Evolve your own beats -- automatically generating music via algorithms

11 min read

Update: you can find the next post in this series here.

I recently went to an excellent music meetup where people spoke about the intersection of music and technology. One speaker in particular talked about how music is now being generated by computer.

Music has always fascinated me. It can make us feel emotions in a way few media can. Sadly, I have always been unable to play an instrument well. Generating music by computer lets me leverage one of my strengths, computer programming (which, contrary to popular belief, can be extremely creative), in order to make music. Although I’m not exactly sure how people are doing it now (explicit parsing rules?), I thought of a way to do it algorithmically (because everything is more fun with algorithms, right?)

I opted to pursue a strategy that “evolves” music out of other pieces of music. I chose this strategy in order to emphasize the process. Seeing a track take shape is very exciting, and you can go back to its history and experience each of the tracks that took part in its creation.
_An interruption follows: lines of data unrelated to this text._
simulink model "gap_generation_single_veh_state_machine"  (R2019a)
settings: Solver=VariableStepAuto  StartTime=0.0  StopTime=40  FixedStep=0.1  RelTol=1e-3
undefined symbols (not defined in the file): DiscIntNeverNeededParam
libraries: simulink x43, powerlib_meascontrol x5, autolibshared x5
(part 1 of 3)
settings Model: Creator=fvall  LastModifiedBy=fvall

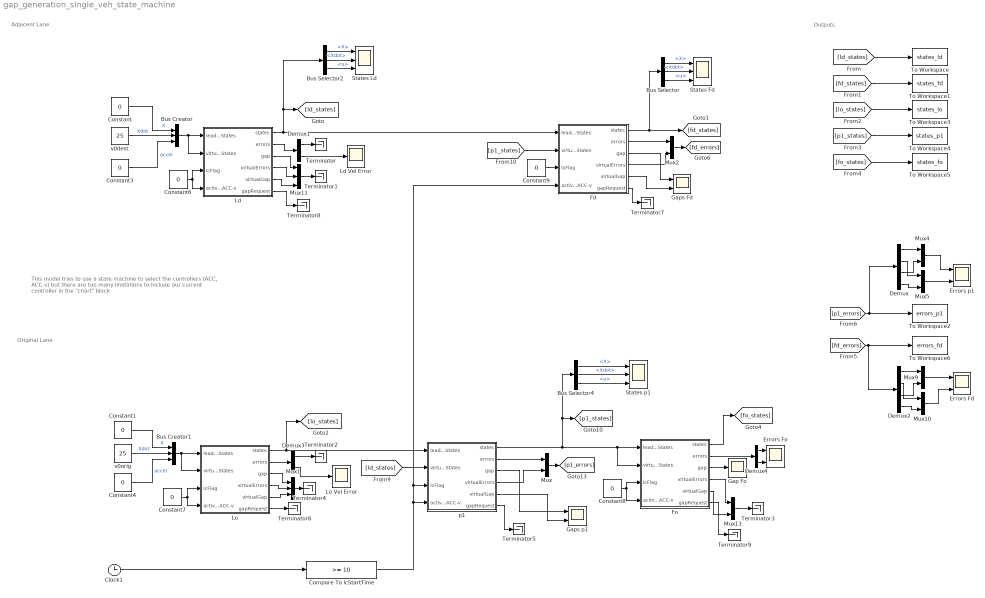
== system gap_generation_single_veh_state_machine ==
  note: Original Lane
  note: Adjacent Lane
  note: Outputs
  note: This model tries to use a state machine to select the controllers (ACC, ACC-v) but there are too many limitations to include our current controller in the "chart" block
  Bus Creator : BusCreator  Inputs=3
  Bus Creator1 : BusCreator  Inputs=3
  Bus Selector : BusSelector  OutputSignals=X,Xdot,u
  Bus Selector2 : BusSelector  OutputSignals=X,Xdot,u
  Bus Selector4 : BusSelector  OutputSignals=X,Xdot,u
  Clock1 : Clock
  Compare To lcStartTime : simulink/Logic and Bit Operations/Compare To Constant  relop=>=  const=10  OutDataTypeStr=boolean
  Constant{,1,3..4,6..9} (8 alike) : Constant  Value=0
  Demux : Demux
  Demux1 : Demux  Outputs=2
  Demux2 : Demux
  Demux3 : Demux  Outputs=2
  Demux4 : Demux  Outputs=2
  Errors Fd : Scope  NumInputPorts=2
  Errors Fo : Scope  NumInputPorts=2
  Errors p1 : Scope  NumInputPorts=2
  Fd : Subsystem  mask{m=2000, lf=2.5, lr=2.5, maxAcceleration=4, minAcceleration=-8, maxJerk=50, minJerk=-50, x0=20.2504, vx0=25, y0=3.6, h=0.63, d0=0.5004, minHeadwayError=-100, maxHeadwayError=3, velFilterGain=10, Kd=1.5652, Kp=2.2775, Ki=0.75, velKi=0.5, velKp=1.5, hFilterGain=0.5, vMin=18, l1=-2, maxComfAccel=2, minComfAccel=-2, maxComfJerk=10, minComfJerk=-10, hLc=2.215, d0Lc=0.5004}
      mask prompts: m "autoblks_shared:autoblkVehBody3DofLat:blkPrm_m"; lf "autoblks_shared:autoblkVehBody3DofLat:blkPrm_a"; lr "autoblks_shared:autoblkVehBody3DofLat:blkPrm_b"; maxAcceleration "Max Acceleration"; minAcceleration "Min Acceleration"; maxJerk "Max Jerk"; minJerk "Min Jerk"; x0 "autoblks_shared:autoblkVehBody3DofLat:blkPrm_X_o"; vx0 "autoblks_shared:autoblkVehBody3DofLat:blkPrm_xdot_o"; y0 "autoblks_shared:autoblkVehBody3DofLat:blkPrm_Y_o"; h "Time Headway"; d0 "Standstill Gap"; minHeadwayError "Min Headway Error"; maxHeadwayError "Max Headway Error"; velFilterGain "Velocity Filter Gain"; hFilterGain "Headway filter Gain"; vMin "Min Gap Gen Speed"; l1 "ACC-v Headway Error Threshold"; maxComfAccel "Max Comf Accel"; minComfAccel "Min Comf Accel"; maxComfJerk "Max Comf Jerk"; minComfJerk "Min Comf Jerk"; hLc "Time Headway LC"; d0Lc "Standstill Gap LC"
      mask TypeOptions m: Vehicle Body 3DOF Single Track/m
      mask TypeOptions lf: Vehicle Body 3DOF Single Track/a
      mask TypeOptions lr: Vehicle Body 3DOF Single Track/b
      mask TypeOptions x0: Vehicle Body 3DOF Single Track/X_o
      mask TypeOptions vx0: Vehicle Body 3DOF Single Track/xdot_o
      mask TypeOptions y0: Vehicle Body 3DOF Single Track/Y_o
      mask TypeOptions h: ACC/Headway error/h/Value
      mask TypeOptions d0: ACC/Headway error/d0/Value
      mask TypeOptions Kd: ACC/Kd/Gain
      mask TypeOptions Kp: ACC/Kp/Gain
      mask TypeOptions Ki: ACC/Ki/Gain
      mask TypeOptions velKi: ACC/velKi/Gain
      mask TypeOptions velKp: ACC/velKp/Gain
      mask TypeOptions hFilterGain: ACC/Headway error/hFilterGain/Gain
      mask TypeOptions vMin: ACC-v/vMin/Value
      mask TypeOptions l1:
      | ACC-v/Compare
      | To Constant/const
      mask TypeOptions hLc: ACC/Headway error/hLc/Value
      mask TypeOptions d0Lc: ACC/Headway error/d0Lc/Value
      mask DialogControl DescGroupVar Prompt: 3DOF Vehicle with ACC
      mask DialogControl DescTextVar Prompt: Vehicle with ACC. The vehicle model is Simulink's 3DOF single track vehicle body. The controller is a PID with constant headway including headway error saturation and filtered leader velocity.
      mask DialogControl VehParams Prompt: Vehicle Parameters
      mask DialogControl m Prompt: Vehicle mass, m [kg]:
      mask DialogControl lf Prompt: Longitudinal distance from center of mass to front axle, a [m]:
      mask DialogControl lr Prompt: Longitudinal distance from center of mass to rear axle, b [m]:
      mask DialogControl InitStates Prompt: Initial State
      mask DialogControl x0 Prompt: Initial inertial frame longitudinal position, X_o [m]:
      mask DialogControl vx0 Prompt: Initial longitudinal velocity, xdot_o [m/s]:
      mask DialogControl y0 Prompt: Initial inertial frame lateral displacement, Y_o [m]:
      mask DialogControl Container3 Prompt: Veh Following Parameters
      mask DialogControl VirtualFollParams Prompt: Virtual Veh Following Parameters
      mask DialogControl LCParams Prompt: Lane Change Params
  Fo : Subsystem  mask{m=2000, lf=2.5, lr=2.5, maxAcceleration=4, minAcceleration=-8, maxJerk=50, minJerk=-50, x0=0, vx0=25, y0=0, h=0.63, d0=0.5004, minHeadwayError=-100, maxHeadwayError=3, velFilterGain=10, Kd=1.5652, Kp=2.2775, Ki=0.75, velKi=0.5, velKp=1.5, hFilterGain=0.5, vMin=18, l1=-2, maxComfAccel=2, minComfAccel=-2, maxComfJerk=10, minComfJerk=-10, hLc=2.215, d0Lc=0.5004}
      mask prompts: m "autoblks_shared:autoblkVehBody3DofLat:blkPrm_m"; lf "autoblks_shared:autoblkVehBody3DofLat:blkPrm_a"; lr "autoblks_shared:autoblkVehBody3DofLat:blkPrm_b"; maxAcceleration "Max Acceleration"; minAcceleration "Min Acceleration"; maxJerk "Max Jerk"; minJerk "Min Jerk"; x0 "autoblks_shared:autoblkVehBody3DofLat:blkPrm_X_o"; vx0 "autoblks_shared:autoblkVehBody3DofLat:blkPrm_xdot_o"; y0 "autoblks_shared:autoblkVehBody3DofLat:blkPrm_Y_o"; h "Time Headway"; d0 "Standstill Gap"; minHeadwayError "Min Headway Error"; maxHeadwayError "Max Headway Error"; velFilterGain "Velocity Filter Gain"; hFilterGain "Headway filter Gain"; vMin "Min Gap Gen Speed"; l1 "ACC-v Headway Error Threshold"; maxComfAccel "Max Comf Accel"; minComfAccel "Min Comf Accel"; maxComfJerk "Max Comf Jerk"; minComfJerk "Min Comf Jerk"; hLc "Time Headway LC"; d0Lc "Standstill Gap LC"
      mask TypeOptions m: Vehicle Body 3DOF Single Track/m
      mask TypeOptions lf: Vehicle Body 3DOF Single Track/a
      mask TypeOptions lr: Vehicle Body 3DOF Single Track/b
      mask TypeOptions x0: Vehicle Body 3DOF Single Track/X_o
      mask TypeOptions vx0: Vehicle Body 3DOF Single Track/xdot_o
      mask TypeOptions y0: Vehicle Body 3DOF Single Track/Y_o
      mask TypeOptions h: ACC/Headway error/h/Value
      mask TypeOptions d0: ACC/Headway error/d0/Value
      mask TypeOptions Kd: ACC/Kd/Gain
      mask TypeOptions Kp: ACC/Kp/Gain
      mask TypeOptions Ki: ACC/Ki/Gain
      mask TypeOptions velKi: ACC/velKi/Gain
      mask TypeOptions velKp: ACC/velKp/Gain
      mask TypeOptions hFilterGain: ACC/Headway error/hFilterGain/Gain
      mask TypeOptions vMin: ACC-v/vMin/Value
      mask TypeOptions l1:
      | ACC-v/Compare
      | To Constant/const
      mask TypeOptions hLc: ACC/Headway error/hLc/Value
      mask TypeOptions d0Lc: ACC/Headway error/d0Lc/Value
      mask DialogControl DescGroupVar Prompt: 3DOF Vehicle with ACC
      mask DialogControl DescTextVar Prompt: Vehicle with ACC. The vehicle model is Simulink's 3DOF single track vehicle body. The controller is a PID with constant headway including headway error saturation and filtered leader velocity.
      mask DialogControl VehParams Prompt: Vehicle Parameters
      mask DialogControl m Prompt: Vehicle mass, m [kg]:
      mask DialogControl lf Prompt: Longitudinal distance from center of mass to front axle, a [m]:
      mask DialogControl lr Prompt: Longitudinal distance from center of mass to rear axle, b [m]:
      mask DialogControl InitStates Prompt: Initial State
      mask DialogControl x0 Prompt: Initial inertial frame longitudinal position, X_o [m]:
      mask DialogControl vx0 Prompt: Initial longitudinal velocity, xdot_o [m/s]:
      mask DialogControl y0 Prompt: Initial inertial frame lateral displacement, Y_o [m]:
      mask DialogControl Container3 Prompt: Veh Following Parameters
      mask DialogControl VirtualFollParams Prompt: Virtual Veh Following Parameters
      mask DialogControl LCParams Prompt: Lane Change Params
  Gap Fo : Scope
  Gaps Fd : Scope  NumInputPorts=2
  Gaps p1 : Scope  NumInputPorts=2
  Ld : Subsystem  mask{m=2000, lf=2.5, lr=2.5, maxAcceleration=4, minAcceleration=-8, maxJerk=50, minJerk=-50, x0=41.5008, vx0=25, y0=3.6, h=0.63, d0=0.5004, minHeadwayError=-100, maxHeadwayError=3, velFilterGain=10, Kd=1.5652, Kp=2.2775, Ki=0.75, velKi=0.5, velKp=1.5, hFilterGain=0.5, vMin=18, l1=-2, maxComfAccel=2, minComfAccel=-2, maxComfJerk=10, minComfJerk=-10, hLc=1.9025, d0Lc=0.5004}
      mask prompts: m "autoblks_shared:autoblkVehBody3DofLat:blkPrm_m"; lf "autoblks_shared:autoblkVehBody3DofLat:blkPrm_a"; lr "autoblks_shared:autoblkVehBody3DofLat:blkPrm_b"; maxAcceleration "Max Acceleration"; minAcceleration "Min Acceleration"; maxJerk "Max Jerk"; minJerk "Min Jerk"; x0 "autoblks_shared:autoblkVehBody3DofLat:blkPrm_X_o"; vx0 "autoblks_shared:autoblkVehBody3DofLat:blkPrm_xdot_o"; y0 "autoblks_shared:autoblkVehBody3DofLat:blkPrm_Y_o"; h "Time Headway"; d0 "Standstill Gap"; minHeadwayError "Min Headway Error"; maxHeadwayError "Max Headway Error"; velFilterGain "Velocity Filter Gain"; hFilterGain "Headway filter Gain"; vMin "Min Gap Gen Speed"; l1 "ACC-v Headway Error Threshold"; maxComfAccel "Max Comf Accel"; minComfAccel "Min Comf Accel"; maxComfJerk "Max Comf Jerk"; minComfJerk "Min Comf Jerk"; hLc "Time Headway LC"; d0Lc "Standstill Gap LC"
      mask TypeOptions m: Vehicle Body 3DOF Single Track/m
      mask TypeOptions lf: Vehicle Body 3DOF Single Track/a
      mask TypeOptions lr: Vehicle Body 3DOF Single Track/b
      mask TypeOptions x0: Vehicle Body 3DOF Single Track/X_o
      mask TypeOptions vx0: Vehicle Body 3DOF Single Track/xdot_o
      mask TypeOptions y0: Vehicle Body 3DOF Single Track/Y_o
      mask TypeOptions h: ACC/Headway error/h/Value
      mask TypeOptions d0: ACC/Headway error/d0/Value
      mask TypeOptions Kd: ACC/Kd/Gain
      mask TypeOptions Kp: ACC/Kp/Gain
      mask TypeOptions Ki: ACC/Ki/Gain
      mask TypeOptions velKi: ACC/velKi/Gain
      mask TypeOptions velKp: ACC/velKp/Gain
      mask TypeOptions hFilterGain: ACC/Headway error/hFilterGain/Gain
      mask TypeOptions vMin: ACC-v/vMin/Value
      mask TypeOptions l1:
      | ACC-v/Compare
      | To Constant/const
      mask TypeOptions hLc: ACC/Headway error/hLc/Value
      mask TypeOptions d0Lc: ACC/Headway error/d0Lc/Value
      mask DialogControl DescGroupVar Prompt: 3DOF Vehicle with ACC
      mask DialogControl DescTextVar Prompt: Vehicle with ACC. The vehicle model is Simulink's 3DOF single track vehicle body. The controller is a PID with constant headway including headway error saturation and filtered leader velocity.
      mask DialogControl VehParams Prompt: Vehicle Parameters
      mask DialogControl m Prompt: Vehicle mass, m [kg]:
      mask DialogControl lf Prompt: Longitudinal distance from center of mass to front axle, a [m]:
      mask DialogControl lr Prompt: Longitudinal distance from center of mass to rear axle, b [m]:
      mask DialogControl InitStates Prompt: Initial State
      mask DialogControl x0 Prompt: Initial inertial frame longitudinal position, X_o [m]:
      mask DialogControl vx0 Prompt: Initial longitudinal velocity, xdot_o [m/s]:
      mask DialogControl y0 Prompt: Initial inertial frame lateral displacement, Y_o [m]:
      mask DialogControl Container3 Prompt: Veh Following Parameters
      mask DialogControl VirtualFollParams Prompt: Virtual Veh Following Parameters
      mask DialogControl LCParams Prompt: Lane Change Params
  Ld Vel Error : Scope
  Lo : Subsystem  mask{m=2000, lf=2.5, lr=2.5, maxAcceleration=4, minAcceleration=-8, maxJerk=50, minJerk=-50, x0=42.5008, vx0=25, y0=0, h=0.63, d0=0.5004, minHeadwayError=-100, maxHeadwayError=3, velFilterGain=10, Kd=1.5652, Kp=2.2775, Ki=0.75, velKi=0.5, velKp=1.5, hFilterGain=0.5, vMin=18, l1=-2, maxComfAccel=2, minComfAccel=-2, maxComfJerk=10, minComfJerk=-10, hLc=1.9025, d0Lc=0.5004}
      mask prompts: m "autoblks_shared:autoblkVehBody3DofLat:blkPrm_m"; lf "autoblks_shared:autoblkVehBody3DofLat:blkPrm_a"; lr "autoblks_shared:autoblkVehBody3DofLat:blkPrm_b"; maxAcceleration "Max Acceleration"; minAcceleration "Min Acceleration"; maxJerk "Max Jerk"; minJerk "Min Jerk"; x0 "autoblks_shared:autoblkVehBody3DofLat:blkPrm_X_o"; vx0 "autoblks_shared:autoblkVehBody3DofLat:blkPrm_xdot_o"; y0 "autoblks_shared:autoblkVehBody3DofLat:blkPrm_Y_o"; h "Time Headway"; d0 "Standstill Gap"; minHeadwayError "Min Headway Error"; maxHeadwayError "Max Headway Error"; velFilterGain "Velocity Filter Gain"; hFilterGain "Headway filter Gain"; vMin "Min Gap Gen Speed"; l1 "ACC-v Headway Error Threshold"; maxComfAccel "Max Comf Accel"; minComfAccel "Min Comf Accel"; maxComfJerk "Max Comf Jerk"; minComfJerk "Min Comf Jerk"; hLc "Time Headway LC"; d0Lc "Standstill Gap LC"
      mask TypeOptions m: Vehicle Body 3DOF Single Track/m
      mask TypeOptions lf: Vehicle Body 3DOF Single Track/a
      mask TypeOptions lr: Vehicle Body 3DOF Single Track/b
      mask TypeOptions x0: Vehicle Body 3DOF Single Track/X_o
      mask TypeOptions vx0: Vehicle Body 3DOF Single Track/xdot_o
      mask TypeOptions y0: Vehicle Body 3DOF Single Track/Y_o
      mask TypeOptions h: ACC/Headway error/h/Value
      mask TypeOptions d0: ACC/Headway error/d0/Value
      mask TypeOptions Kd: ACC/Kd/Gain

I’m going to broadly outline the keys to my strategy below. You might think that a lot of my points are crazy, so bear with me for a while(at least until I can prove them out later):

  • We can easily acquire music that is already categorized (ie labelled as classical/techno/electronic, etc)
  • We can teach a computer to categorize new music automatically.
  • Teaching a computer to categorize music automatically will give us a musical quality assessment tool (patent pending on the MQAT!)
  • Once we have an assessment tool, we can generate music, and then use the assessment tool to see if it is any good
  • Profit?

One important thing to note is that while the music itself is automatically generated, the building blocks of the final song are extracted from existing songs and mixed together. So don’t worry about this replacing humans anytime. The key to the algorithm is actually finding readily available, free music, and I would sincerely like to thank last.fm and the wonderful artists who put up their music up in their free downloads section. I am not sure how much my algorithm has obfuscated the original sounds of the music, but if anyone recognizes theirs, I would love to hear from them.

So, how did you do it?

I used some of the knowledge that I had built up from doing audio analysis on the Simpsons to attempt music generation. If you have time, I recommend reading that entry.

The first thing I did was write a web spider to automatically grab links to free music from the last.fm free music section. I was able to download 500 tracks using this crawler. Half of the tracks were classical music, and half electronic.

Unfortunately, these tracks were in .mp3 format. Mp3 is a proprietary codec, which makes it harder to decode, process, and work with. I was able to get around this by converting the .mp3 tracks to ogg, which is a free audio format, using the tools mpg123 and oggenc.

I was then able to extract audio features from these tracks. Audio features are numbers that describe the sound in a song. Sound is just a wave. We can measure how instense that wave is at various points in time, which gives us a sequence of numbers that describe that sound. We can later use those numbers to replay a song, which is what happens in modern music players.

Here are the sound waves in the first 10 seconds of a classical track: 10 seconds of song And here are the sound waves in the first 10 seconds of an electronic track: 10 seconds of song One of the lines is the left channel audio, and one is the right. It doesn’t matter overly much which is which. Let’s say that green is right. We can quickly see that the second track has more intense peaks, and appears to have higher energy when compared with the classical track. Using our knowledge of classical music vs electronic music, this makes sense. Just like we can look at the two graphs and understand that they are different, so can a computer.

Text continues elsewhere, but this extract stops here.